Available data:
++++++++++++++++++++

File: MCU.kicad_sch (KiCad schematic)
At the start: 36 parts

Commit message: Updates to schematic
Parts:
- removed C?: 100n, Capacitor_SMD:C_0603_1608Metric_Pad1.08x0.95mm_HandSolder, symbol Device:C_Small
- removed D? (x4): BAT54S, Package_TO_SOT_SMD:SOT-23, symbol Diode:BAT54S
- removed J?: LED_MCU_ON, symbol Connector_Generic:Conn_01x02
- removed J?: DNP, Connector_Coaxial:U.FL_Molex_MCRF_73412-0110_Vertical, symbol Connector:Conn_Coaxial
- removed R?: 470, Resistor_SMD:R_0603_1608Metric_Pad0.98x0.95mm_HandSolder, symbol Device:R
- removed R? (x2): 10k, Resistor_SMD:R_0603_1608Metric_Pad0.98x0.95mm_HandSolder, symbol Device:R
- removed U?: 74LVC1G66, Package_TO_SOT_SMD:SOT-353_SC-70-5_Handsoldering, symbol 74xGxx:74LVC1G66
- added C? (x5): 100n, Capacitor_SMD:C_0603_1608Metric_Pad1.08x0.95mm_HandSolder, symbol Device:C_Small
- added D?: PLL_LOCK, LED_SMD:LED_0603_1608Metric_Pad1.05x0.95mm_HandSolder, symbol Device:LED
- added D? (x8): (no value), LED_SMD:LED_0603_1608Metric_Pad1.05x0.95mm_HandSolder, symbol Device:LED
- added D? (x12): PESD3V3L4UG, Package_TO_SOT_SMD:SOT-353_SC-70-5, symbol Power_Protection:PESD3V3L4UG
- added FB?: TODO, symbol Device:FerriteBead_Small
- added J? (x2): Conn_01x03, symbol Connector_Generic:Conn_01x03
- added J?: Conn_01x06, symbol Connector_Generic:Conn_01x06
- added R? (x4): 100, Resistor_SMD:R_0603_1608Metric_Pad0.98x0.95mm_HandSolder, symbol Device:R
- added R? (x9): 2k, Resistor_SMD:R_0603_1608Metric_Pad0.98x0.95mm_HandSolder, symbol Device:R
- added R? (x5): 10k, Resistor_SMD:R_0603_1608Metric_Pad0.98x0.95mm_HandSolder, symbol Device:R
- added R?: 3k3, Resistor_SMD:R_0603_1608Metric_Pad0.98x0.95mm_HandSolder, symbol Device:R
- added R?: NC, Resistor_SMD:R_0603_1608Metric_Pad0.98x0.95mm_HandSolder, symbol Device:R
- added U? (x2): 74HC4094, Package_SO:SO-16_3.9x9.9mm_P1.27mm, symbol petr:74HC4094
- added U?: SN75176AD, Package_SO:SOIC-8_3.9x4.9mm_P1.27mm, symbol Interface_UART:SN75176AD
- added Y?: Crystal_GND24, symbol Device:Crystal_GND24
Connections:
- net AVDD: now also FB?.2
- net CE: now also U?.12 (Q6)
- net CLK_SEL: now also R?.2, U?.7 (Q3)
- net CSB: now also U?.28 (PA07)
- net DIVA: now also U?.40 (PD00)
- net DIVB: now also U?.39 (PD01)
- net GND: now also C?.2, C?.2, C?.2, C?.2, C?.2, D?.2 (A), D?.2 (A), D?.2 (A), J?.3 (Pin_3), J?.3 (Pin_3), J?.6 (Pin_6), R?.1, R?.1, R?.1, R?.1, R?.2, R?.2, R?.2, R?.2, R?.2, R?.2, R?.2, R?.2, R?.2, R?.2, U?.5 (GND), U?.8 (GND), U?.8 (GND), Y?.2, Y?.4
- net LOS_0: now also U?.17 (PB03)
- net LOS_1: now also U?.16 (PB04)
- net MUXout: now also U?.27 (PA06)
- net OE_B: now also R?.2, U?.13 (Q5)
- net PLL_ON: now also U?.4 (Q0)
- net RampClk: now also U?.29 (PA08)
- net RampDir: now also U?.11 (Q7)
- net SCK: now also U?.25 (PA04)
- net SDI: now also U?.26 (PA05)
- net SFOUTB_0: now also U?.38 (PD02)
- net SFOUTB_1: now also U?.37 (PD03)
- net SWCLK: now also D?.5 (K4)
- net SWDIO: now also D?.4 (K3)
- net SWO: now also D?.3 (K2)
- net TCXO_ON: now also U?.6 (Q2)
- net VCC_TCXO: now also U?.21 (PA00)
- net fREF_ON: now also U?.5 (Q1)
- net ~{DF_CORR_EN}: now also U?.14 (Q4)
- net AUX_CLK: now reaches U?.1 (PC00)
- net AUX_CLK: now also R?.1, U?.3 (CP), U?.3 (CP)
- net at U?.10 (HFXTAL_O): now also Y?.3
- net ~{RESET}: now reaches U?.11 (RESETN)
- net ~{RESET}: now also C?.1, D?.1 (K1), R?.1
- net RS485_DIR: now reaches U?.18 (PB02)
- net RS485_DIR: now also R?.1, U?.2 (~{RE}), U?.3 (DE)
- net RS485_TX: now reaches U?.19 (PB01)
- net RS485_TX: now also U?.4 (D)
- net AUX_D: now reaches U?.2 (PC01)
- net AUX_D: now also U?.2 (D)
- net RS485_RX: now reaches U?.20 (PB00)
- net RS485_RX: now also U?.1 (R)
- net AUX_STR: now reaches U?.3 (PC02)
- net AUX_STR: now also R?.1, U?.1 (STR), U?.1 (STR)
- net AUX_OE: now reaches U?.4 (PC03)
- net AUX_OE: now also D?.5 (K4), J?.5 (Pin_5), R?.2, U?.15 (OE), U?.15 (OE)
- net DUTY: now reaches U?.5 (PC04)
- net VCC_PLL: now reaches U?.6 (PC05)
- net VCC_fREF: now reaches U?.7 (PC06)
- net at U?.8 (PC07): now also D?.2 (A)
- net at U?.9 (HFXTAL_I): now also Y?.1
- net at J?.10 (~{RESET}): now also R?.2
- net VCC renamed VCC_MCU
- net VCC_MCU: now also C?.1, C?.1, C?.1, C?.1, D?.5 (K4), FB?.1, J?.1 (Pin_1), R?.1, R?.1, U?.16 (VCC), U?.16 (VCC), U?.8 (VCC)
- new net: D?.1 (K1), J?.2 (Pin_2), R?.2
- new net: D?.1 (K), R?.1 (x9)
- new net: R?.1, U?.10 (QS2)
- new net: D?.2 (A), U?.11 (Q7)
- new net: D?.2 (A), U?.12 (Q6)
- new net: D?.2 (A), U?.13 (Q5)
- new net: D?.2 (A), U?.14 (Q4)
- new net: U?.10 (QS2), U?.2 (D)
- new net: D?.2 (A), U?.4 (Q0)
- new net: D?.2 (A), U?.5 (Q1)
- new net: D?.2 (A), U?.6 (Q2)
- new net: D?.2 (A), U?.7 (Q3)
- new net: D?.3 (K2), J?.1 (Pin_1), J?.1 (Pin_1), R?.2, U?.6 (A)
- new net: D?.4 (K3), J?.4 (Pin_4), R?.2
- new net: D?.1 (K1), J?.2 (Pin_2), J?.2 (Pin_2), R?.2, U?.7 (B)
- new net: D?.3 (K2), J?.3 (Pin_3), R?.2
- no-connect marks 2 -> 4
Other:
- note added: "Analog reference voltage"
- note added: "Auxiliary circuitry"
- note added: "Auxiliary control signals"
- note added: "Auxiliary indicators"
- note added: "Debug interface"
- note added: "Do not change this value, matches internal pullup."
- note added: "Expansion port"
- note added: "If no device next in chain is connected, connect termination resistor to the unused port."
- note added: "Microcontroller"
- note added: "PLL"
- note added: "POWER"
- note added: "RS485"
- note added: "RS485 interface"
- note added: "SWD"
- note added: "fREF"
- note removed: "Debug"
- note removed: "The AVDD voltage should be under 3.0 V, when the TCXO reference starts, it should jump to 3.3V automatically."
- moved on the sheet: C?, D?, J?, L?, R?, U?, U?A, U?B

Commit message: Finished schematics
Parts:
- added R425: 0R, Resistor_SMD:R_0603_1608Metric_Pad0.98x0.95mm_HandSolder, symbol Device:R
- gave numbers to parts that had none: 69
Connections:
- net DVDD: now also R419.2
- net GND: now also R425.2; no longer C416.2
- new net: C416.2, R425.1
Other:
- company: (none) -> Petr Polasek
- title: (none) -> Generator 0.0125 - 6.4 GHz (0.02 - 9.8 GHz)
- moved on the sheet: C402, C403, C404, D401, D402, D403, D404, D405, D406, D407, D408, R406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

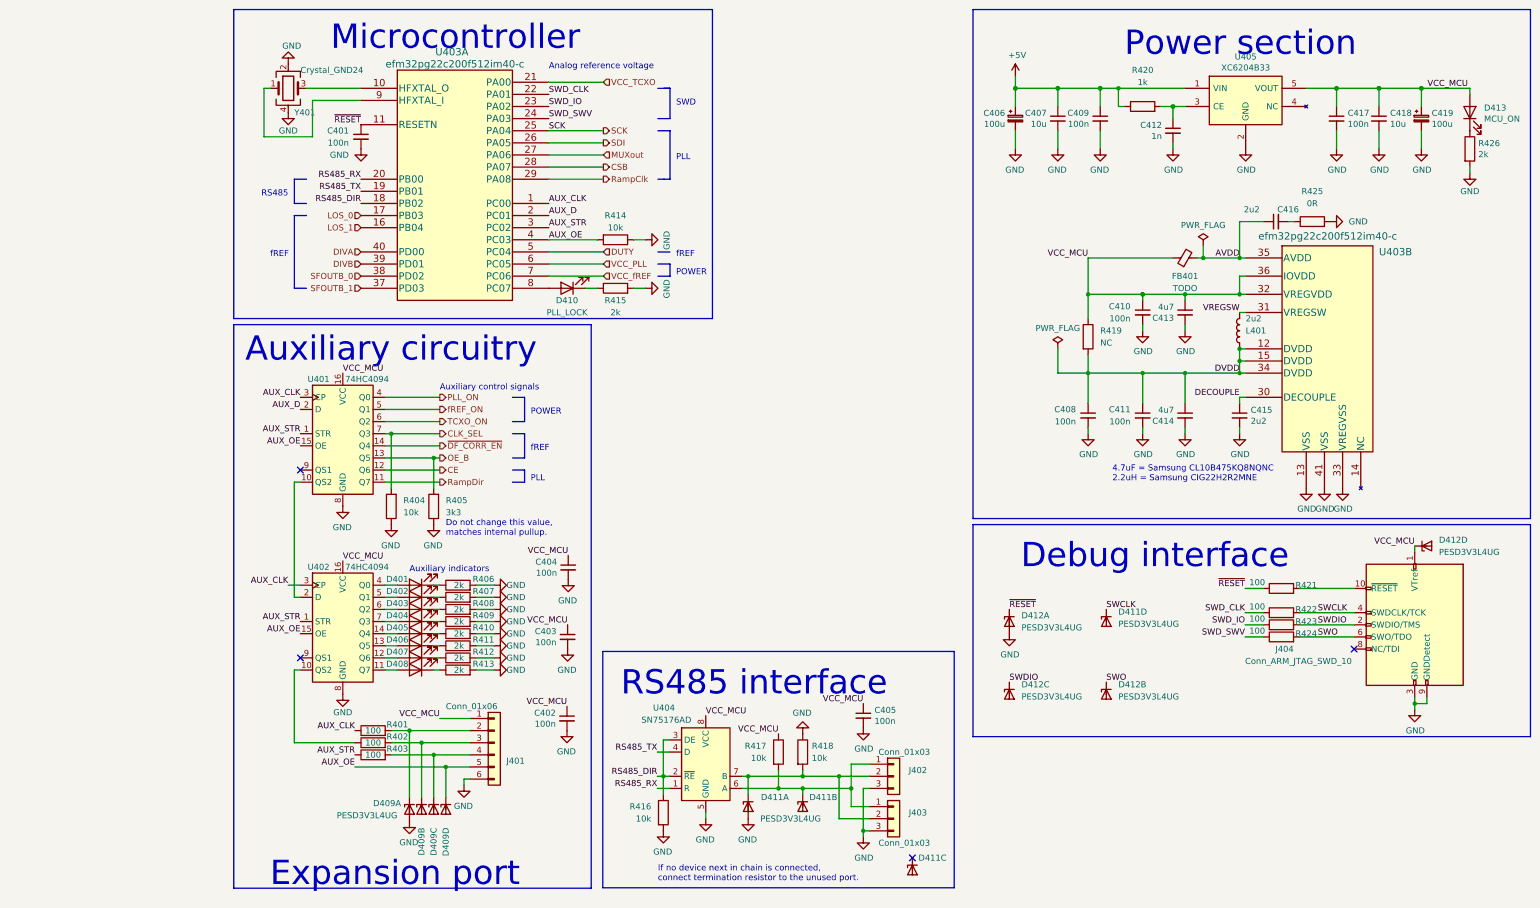
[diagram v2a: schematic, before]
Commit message: Schematic fixes
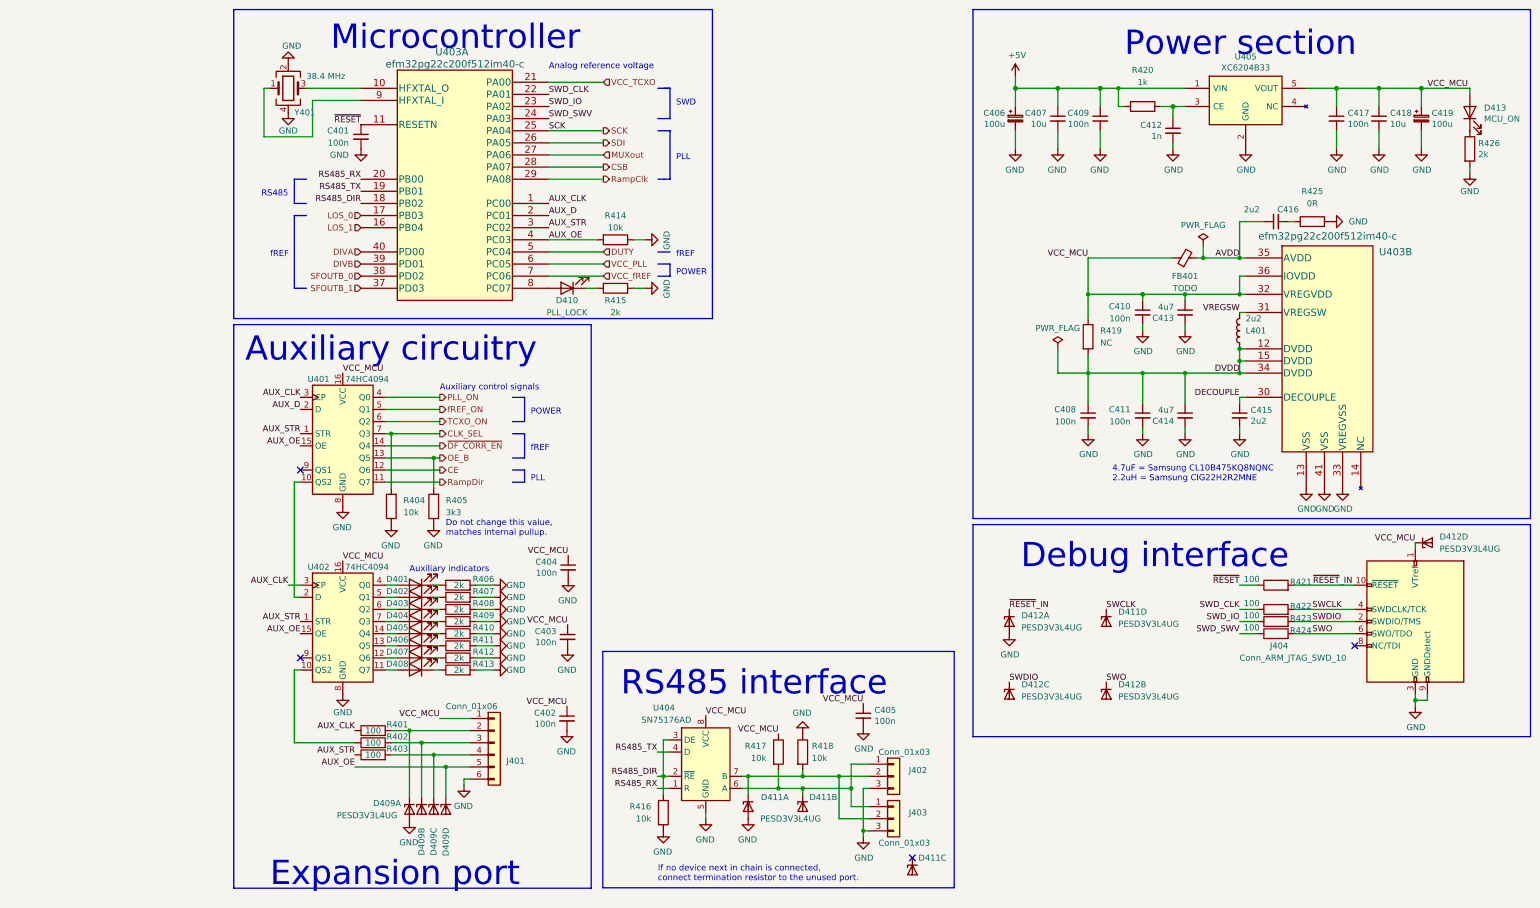
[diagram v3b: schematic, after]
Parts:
- Y401: value Crystal_GND24 -> 38.4 MHz
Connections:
- net ~{RESET}: no longer D412.1 (K1)
- net ~{RESET}_IN: now reaches J404.10 (~{RESET}), R421.2
- net ~{RESET}_IN: now also D412.1 (K1)
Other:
- moved on the sheet: D412D, J404, R421, R422, R423, R424

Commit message: Schematic checked. All footprints assigned. Electrolytics need footprint check, so do the RS485 and power connectors and the MuRata oscillator (also it is now EOL) and the crystal. The power protection transils on aux input/output need replacement. PCB in sync with SCH.
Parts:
- removed D410: PLL_LOCK, LED_SMD:LED_0603_1608Metric_Pad1.05x0.95mm_HandSolder, symbol Device:LED
- removed J401: Conn_01x06, symbol Connector_Generic:Conn_01x06
- added J401: Conn_01x07, Connector_PinHeader_2.54mm:PinHeader_1x07_P2.54mm_Vertical, symbol Connector_Generic:Conn_01x07
- added R427: 100, Resistor_SMD:R_0603_1608Metric_Pad0.98x0.95mm_HandSolder, symbol Device:R
- added R428: 10k, Resistor_SMD:R_0603_1608Metric_Pad0.98x0.95mm_HandSolder, symbol Device:R
- FB401: footprint (none) -> Inductor_SMD:L_0603_1608Metric_Pad1.05x0.95mm_HandSolder
- J402, J403: footprint (none) -> Connector_Phoenix_MSTB:PhoenixContact_MSTBA_2,5_3-G-5,08_1x03_P5.08mm_Horizontal
- L401: footprint (none) -> Inductor_SMD:L_1008_2520Metric_Pad1.43x2.20mm_HandSolder
- R415: value 2k -> 100
- Y401: footprint (none) -> Crystal:Crystal_SMD_2016-4Pin_2.0x1.6mm
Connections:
- net AUX_OE: now also R415.1; no longer D409.5 (K4)
- net DUTY: now also U403.6 (PC05); no longer U403.5 (PC04)
- net GND: now also J401.7 (Pin_7), R428.1; no longer R415.2
- net SWCLK: now also D412.5 (K4); no longer D411.5 (K4)
- net VCC_MCU: now also D411.5 (K4), J401.1 (Pin_1); no longer D412.5 (K4)
- net VCC_PLL: now also U403.7 (PC06); no longer U403.6 (PC05)
- net VCC_fREF: now also U403.8 (PC07); no longer U403.7 (PC06)
- net at D409.1 (K1), R401.2: now also J401.2 (Pin_2)
- net at D409.4 (K3), R403.2: now also J401.4 (Pin_4)
- net at D409.3 (K2), R402.2: now also J401.3 (Pin_3)
- net at D411.4 (K3): now also J401.6 (Pin_6), R427.2
- new net: D409.5 (K4), J401.5 (Pin_5), R415.2
- new net AUX_MISO: R427.1, R428.2, U403.5 (PC04)
- no-connect marks 4 -> 3
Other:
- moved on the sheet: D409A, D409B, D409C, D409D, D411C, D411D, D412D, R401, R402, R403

++++++++++++++++++++

Exercise requirements: Exactly the lines from the one containing "- Y401: footprint" through the final line of the records must appear in your reply, and no others.

The answer:
- Y401: footprint (none) -> Crystal:Crystal_SMD_2016-4Pin_2.0x1.6mm
Connections:
- net AUX_OE: now also R415.1; no longer D409.5 (K4)
- net DUTY: now also U403.6 (PC05); no longer U403.5 (PC04)
- net GND: now also J401.7 (Pin_7), R428.1; no longer R415.2
- net SWCLK: now also D412.5 (K4); no longer D411.5 (K4)
- net VCC_MCU: now also D411.5 (K4), J401.1 (Pin_1); no longer D412.5 (K4)
- net VCC_PLL: now also U403.7 (PC06); no longer U403.6 (PC05)
- net VCC_fREF: now also U403.8 (PC07); no longer U403.7 (PC06)
- net at D409.1 (K1), R401.2: now also J401.2 (Pin_2)
- net at D409.4 (K3), R403.2: now also J401.4 (Pin_4)
- net at D409.3 (K2), R402.2: now also J401.3 (Pin_3)
- net at D411.4 (K3): now also J401.6 (Pin_6), R427.2
- new net: D409.5 (K4), J401.5 (Pin_5), R415.2
- new net AUX_MISO: R427.1, R428.2, U403.5 (PC04)
- no-connect marks 4 -> 3
Other:
- moved on the sheet: D409A, D409B, D409C, D409D, D411C, D411D, D412D, R401, R402, R403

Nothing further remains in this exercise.